The paper concludes there are "77 stories with 109 individuals from Deutsch’s reporting whom Newsday could not locate. The main points of the stories were not affected...Newsday is attaching an editor’s note to each story online that contains individuals we cannot locate." Here are its findings and methodology.
Fox News Quiz
In a discussion about the president's tweet that the Russia investigation is "the greatest witch hunt in political history," a Fox co-host said, "Fox News can confirm it's not."
And when a guest mentioned that the president was recently seen watching a DVR copy of that morning's "Fox & Friends" in the middle of the afternoon, the same host declared, "We like the ratings but c'mon."
Was it A) Tucker Carlson B) Shepard Smith C) Sean Hannity D) Bret Baier D) Bill Hemmer E) Ainsley Earhardt F) Jeanine Pirro or G) Neil Cavuto?
Bzzzzzzzz, time's up.
Shepard Smith.

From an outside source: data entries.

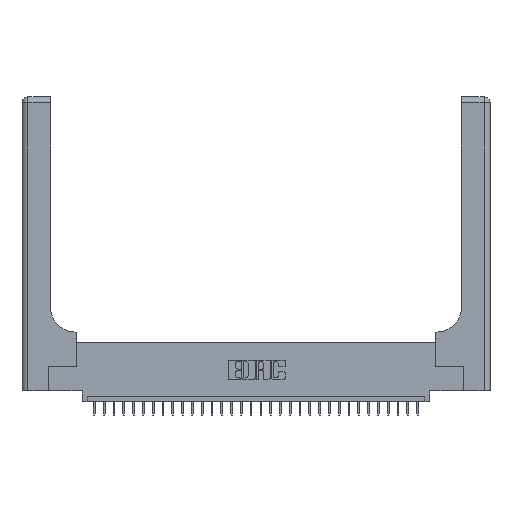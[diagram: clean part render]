
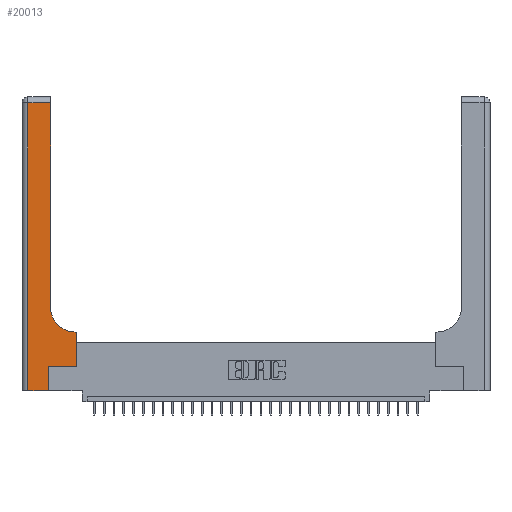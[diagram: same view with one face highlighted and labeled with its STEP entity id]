
A CAD part, top view. The second image highlights one B-rep face of the part: STEP entity #20013.
In plain terms, the highlighted planar face has unit normal (0, 0, 1).
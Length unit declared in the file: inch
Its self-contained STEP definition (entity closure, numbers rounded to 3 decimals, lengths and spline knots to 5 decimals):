
#33 = VERTEX_POINT ( 'NONE', #25167 ) ;
#434 = EDGE_CURVE ( 'NONE', #6606, #7317, #19955, .T. ) ;
#512 = ORIENTED_EDGE ( 'NONE', *, *, #23762, .T. ) ;
#1001 = VECTOR ( 'NONE', #9380, 39.37008 ) ;
#1288 = DIRECTION ( 'NONE',  ( -1., 0., 0. ) ) ;
#1491 = LINE ( 'NONE', #11405, #18406 ) ;
#1755 = DIRECTION ( 'NONE',  ( 1., 0., 0. ) ) ;
#2100 = CARTESIAN_POINT ( 'NONE',  ( 0.5585, 0.6, 0.37 ) ) ;
#2898 = EDGE_CURVE ( 'NONE', #7317, #15211, #1491, .T. ) ;
#2931 = FACE_OUTER_BOUND ( 'NONE', #19374, .T. ) ;
#3756 = CARTESIAN_POINT ( 'NONE',  ( 0.5415, 0.85, 0.37 ) ) ;
#4024 = CARTESIAN_POINT ( 'NONE',  ( 0., 0., 0.37 ) ) ;
#4078 = VERTEX_POINT ( 'NONE', #9675 ) ;
#5646 = AXIS2_PLACEMENT_3D ( 'NONE', #3756, #18551, #25988 ) ;
#6013 = ORIENTED_EDGE ( 'NONE', *, *, #23918, .T. ) ;
#6027 = ORIENTED_EDGE ( 'NONE', *, *, #27706, .T. ) ;
#6426 = VECTOR ( 'NONE', #23040, 39.37008 ) ;
#6606 = VERTEX_POINT ( 'NONE', #21582 ) ;
#6684 = CIRCLE ( 'NONE', #5646, 0.25 ) ;
#7317 = VERTEX_POINT ( 'NONE', #7482 ) ;
#7482 = CARTESIAN_POINT ( 'NONE',  ( 0.5585, 0.25, 0.37 ) ) ;
#7958 = CARTESIAN_POINT ( 'NONE',  ( 0., 2.94, 0.37 ) ) ;
#8241 = VECTOR ( 'NONE', #10367, 39.37008 ) ;
#8599 = DIRECTION ( 'NONE',  ( 0., 0., -1. ) ) ;
#9232 = VERTEX_POINT ( 'NONE', #11790 ) ;
#9380 = DIRECTION ( 'NONE',  ( 0., -1., 0. ) ) ;
#9554 = VECTOR ( 'NONE', #10553, 39.37008 ) ;
#9617 = VECTOR ( 'NONE', #1755, 39.37008 ) ;
#9675 = CARTESIAN_POINT ( 'NONE',  ( 0.06, 0., 0.37 ) ) ;
#9970 = EDGE_CURVE ( 'NONE', #33, #19202, #6684, .T. ) ;
#10119 = EDGE_CURVE ( 'NONE', #9232, #6606, #22854, .T. ) ;
#10208 = DIRECTION ( 'NONE',  ( 1., 0., 0. ) ) ;
#10367 = DIRECTION ( 'NONE',  ( 0., 1., 0. ) ) ;
#10553 = DIRECTION ( 'NONE',  ( -1., 0., 0. ) ) ;
#11405 = CARTESIAN_POINT ( 'NONE',  ( 0.5585, 0.25, 0.37 ) ) ;
#11790 = CARTESIAN_POINT ( 'NONE',  ( 0.269, 0., 0.37 ) ) ;
#11955 = VERTEX_POINT ( 'NONE', #15875 ) ;
#14008 = DIRECTION ( 'NONE',  ( 0., 1., 0. ) ) ;
#14270 = CARTESIAN_POINT ( 'NONE',  ( 0.06, 3., 0.37 ) ) ;
#14291 = ORIENTED_EDGE ( 'NONE', *, *, #434, .T. ) ;
#14449 = EDGE_CURVE ( 'NONE', #11955, #23253, #30481, .T. ) ;
#14803 = LINE ( 'NONE', #27099, #9554 ) ;
#15027 = ORIENTED_EDGE ( 'NONE', *, *, #16920, .T. ) ;
#15211 = VERTEX_POINT ( 'NONE', #2100 ) ;
#15223 = ORIENTED_EDGE ( 'NONE', *, *, #10119, .T. ) ;
#15602 = LINE ( 'NONE', #28374, #6426 ) ;
#15875 = CARTESIAN_POINT ( 'NONE',  ( 0.2915, 2.94, 0.37 ) ) ;
#16689 = LINE ( 'NONE', #14270, #1001 ) ;
#16920 = EDGE_CURVE ( 'NONE', #23253, #4078, #16689, .T. ) ;
#17352 = CARTESIAN_POINT ( 'NONE',  ( 0.269, 0.25, 0.37 ) ) ;
#18358 = PLANE ( 'NONE',  #30587 ) ;
#18406 = VECTOR ( 'NONE', #14008, 39.37008 ) ;
#18515 = ORIENTED_EDGE ( 'NONE', *, *, #14449, .T. ) ;
#18551 = DIRECTION ( 'NONE',  ( 0., 0., -1. ) ) ;
#19202 = VERTEX_POINT ( 'NONE', #28497 ) ;
#19231 = VECTOR ( 'NONE', #1288, 39.37008 ) ;
#19374 = EDGE_LOOP ( 'NONE', ( #6013, #18515, #15027, #6027, #15223, #14291, #31309, #512, #23385 ) ) ;
#19955 = LINE ( 'NONE', #17352, #26062 ) ;
#20013 = ADVANCED_FACE ( 'NONE', ( #2931 ), #18358, .F. ) ;
#20106 = CARTESIAN_POINT ( 'NONE',  ( 0.269, 0., 0.37 ) ) ;
#21582 = CARTESIAN_POINT ( 'NONE',  ( 0.269, 0.25, 0.37 ) ) ;
#22854 = LINE ( 'NONE', #20106, #8241 ) ;
#23040 = DIRECTION ( 'NONE',  ( 0., 1., 0. ) ) ;
#23253 = VERTEX_POINT ( 'NONE', #25028 ) ;
#23385 = ORIENTED_EDGE ( 'NONE', *, *, #9970, .T. ) ;
#23762 = EDGE_CURVE ( 'NONE', #15211, #33, #14803, .T. ) ;
#23918 = EDGE_CURVE ( 'NONE', #19202, #11955, #15602, .T. ) ;
#23986 = LINE ( 'NONE', #4024, #9617 ) ;
#25028 = CARTESIAN_POINT ( 'NONE',  ( 0.06, 2.94, 0.37 ) ) ;
#25167 = CARTESIAN_POINT ( 'NONE',  ( 0.5415, 0.6, 0.37 ) ) ;
#25788 = CARTESIAN_POINT ( 'NONE',  ( 0., 3., 0.37 ) ) ;
#25988 = DIRECTION ( 'NONE',  ( 1., 0., 0. ) ) ;
#26062 = VECTOR ( 'NONE', #10208, 39.37008 ) ;
#27099 = CARTESIAN_POINT ( 'NONE',  ( 0.2915, 0.6, 0.37 ) ) ;
#27706 = EDGE_CURVE ( 'NONE', #4078, #9232, #23986, .T. ) ;
#28374 = CARTESIAN_POINT ( 'NONE',  ( 0.2915, 3., 0.37 ) ) ;
#28497 = CARTESIAN_POINT ( 'NONE',  ( 0.2915, 0.85, 0.37 ) ) ;
#30481 = LINE ( 'NONE', #7958, #19231 ) ;
#30489 = DIRECTION ( 'NONE',  ( -1., 0., 0. ) ) ;
#30587 = AXIS2_PLACEMENT_3D ( 'NONE', #25788, #8599, #30489 ) ;
#31309 = ORIENTED_EDGE ( 'NONE', *, *, #2898, .T. ) ;

Good for him.
The Zuckerberg meet-real-people tour
"Mark Zuckerberg Hits the Road to Meet Regular Folks – With a Few Conditions – As he tours America, Facebook CEO appears at homes and businesses with little notice, asks not to be quoted; not always recognized." (The Wall Street Journal)
Facebook's display ads
"Messaging is the center of mobile, and Facebook wants ads in front of all those eyes. After seeing 'promising results from Australia and Thailand,' Facebook Messenger is expanding its display ad beta test that lets businesses buy space between your chat threads. Later this month, a small percentage of users will start seeing ads in the Messenger app’s home tab." (TechCrunch)
Alas, much-followed Hong Kong-based tech analyst Ben Thompson finds it "a discouraging sign for both the short and long term." (Stratechery)
Apple makes a billionaire
"The chairman of the world’s largest contract chipmaker has become a billionaire thanks to expected demand for Apple Inc.’s new iPhone. Taiwan Semiconductor Manufacturing Co. (TSMC) shares have surged 27 percent in the past year, lifting founder and Chairman Morris Chang’s personal fortune to $1 billion." (Bloomberg)
NOTE: Kevin Deutsch takes issue with the use of the word "fabricator" and says he stands by his reporting. He has written this response to the Newsday evaluation of the veracity of his work. We've added the word "suspected" before fabricator in that item since no publications reviewing his work have outright said he fabricated sources.